Just as the crazy mzungu’s cycling around with bags draped over their bikes accompanied by a motorbike dragging along what was labeled a boat by most fascinated onlookers provided locals with a somewhat exclusive sighting, the reactions we received from the kids lining the roads provided ample reciprocation of the entertainment we were giving the locals. The enthusiasm of waving children overflowed into little dance numbers that included a child of barely two dancing around a pole holding on tightly so as to avoid toppling over in pure exhilaration and another simply bobbing his shoulders to the beat provided by a back-up choir of kids chanting “amazungu” in melodic unison. One kid was so overcome that he had one of those ‘why-did-I-do-that?’ moments; stretching his arms forward in a ‘V’ and resorting to incoherent screaming. Some kids managed to keep their cool (unlike their counterparts who depicted a crowd at a Justin Bieber parade through Disney World) and reacted in what had become identified as typical Ugandan swagger, the best example being a thumbs-up turned on its side – too casual. The swagger emanating from some of the older teenagers we came across became one of the most defining traits of the Ugandan people. Every so often you’d come across an absolute gangster (gangsta?) sporting some classy shades, MTV-Base-style jeans, subtle yet optimal bling and walking with a well-timed bounce in their step that would leave the white folk on ‘Pimp My Ride’ taking notes and drooling with jealousy.

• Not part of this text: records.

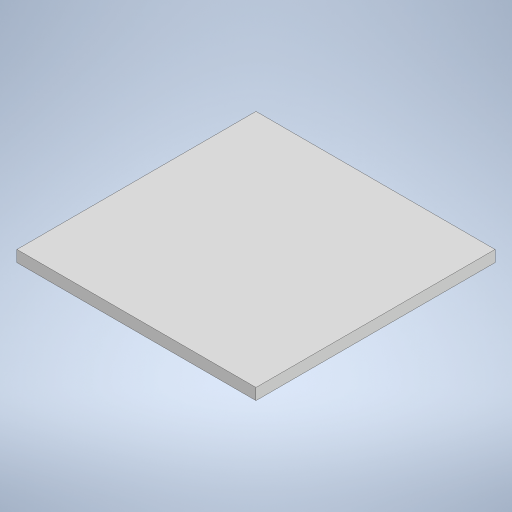
# Autodesk Inventor part: mein1
Saved by Autodesk Inventor 2023 (Build 270158000, 158)
## iProperties
Created: 2022-10-24
Part Number: mein1
Material: 一般
Document SubType Name: Modeling
Designer: ellie
Density: 1 g/cm^3
Appearance: 既定
Author: ellie
Autodesk Inventor part; units mm, degrees
ref_plane "YZ Plane" through (0, 0, 0) normal (1, 0, 0) x (0, 1, 0)
ref_plane "XZ Plane" through (0, 0, 0) normal (0, 1, 0) x (-1, 0, 0)
ref_plane "XY Plane" through (0, 0, 0) normal (0, 0, 1) x (1, 0, 0)
sketch "スケッチ1" plane through (0, 0, 0) normal (0, 1, 0) x (-1, 0, 0)
  line L0 (21, 21) -> (-21, 21)
  line L1 (-21, 21) -> (-21, -21)
  line L2 (-21, -21) -> (21, -21)
  line L3 (21, -21) -> (21, 21)
  line L4 (21, 21) -> (-21, -21) construction
  line L5 (-21, 21) -> (21, -21) construction
  point P0 (0, 0)
  dimension "d0" = 42
  dimension "d1" = 42
  constraints: 12 end point, 2 midpoint, 2 parallel, 1 horizontal, 1 perpendicular
  measures "d0" distance of L0.start L0.end
  measures "d1" distance of L0.end L1.end
extrude "押し出し1" add sketch "スケッチ1" along normal blind 2

Another noticeable trait, alongside the tentative friendliness and extreme swagger of Ugandans, was the use of an expression that was almost an imitation of the sound made by so many hefty, charismatic mama’s back home in South Africa. On hearing about the length and nature of our journey, men would take a small step back and exclaim in a high pitch: “EH! Uh aaaaah!” As has become a routine sight so far, it is the men who spend all day on their stoeps chatting or on a street corner looking like they’re looking for work and therefore generally the men that we end up chatting to. From reading The State of Africa (Don’t mistake me for an intellectual, I read a short Sherlock Holmes story between every chapter) I learnt that Uganda’s president, Museveni (not to be seen without his beige wide-brim hat), was cruising into his 25th year as head of state in what is no doubt a flourishing democracy (note: sarcasm). When we asked some locals about it on crossing the border, they simply laughed it off in a similar way that we laugh off Zuma’s six wives and twenty-one children. “We know it’s ridiculous but what can we do, he’s our president”.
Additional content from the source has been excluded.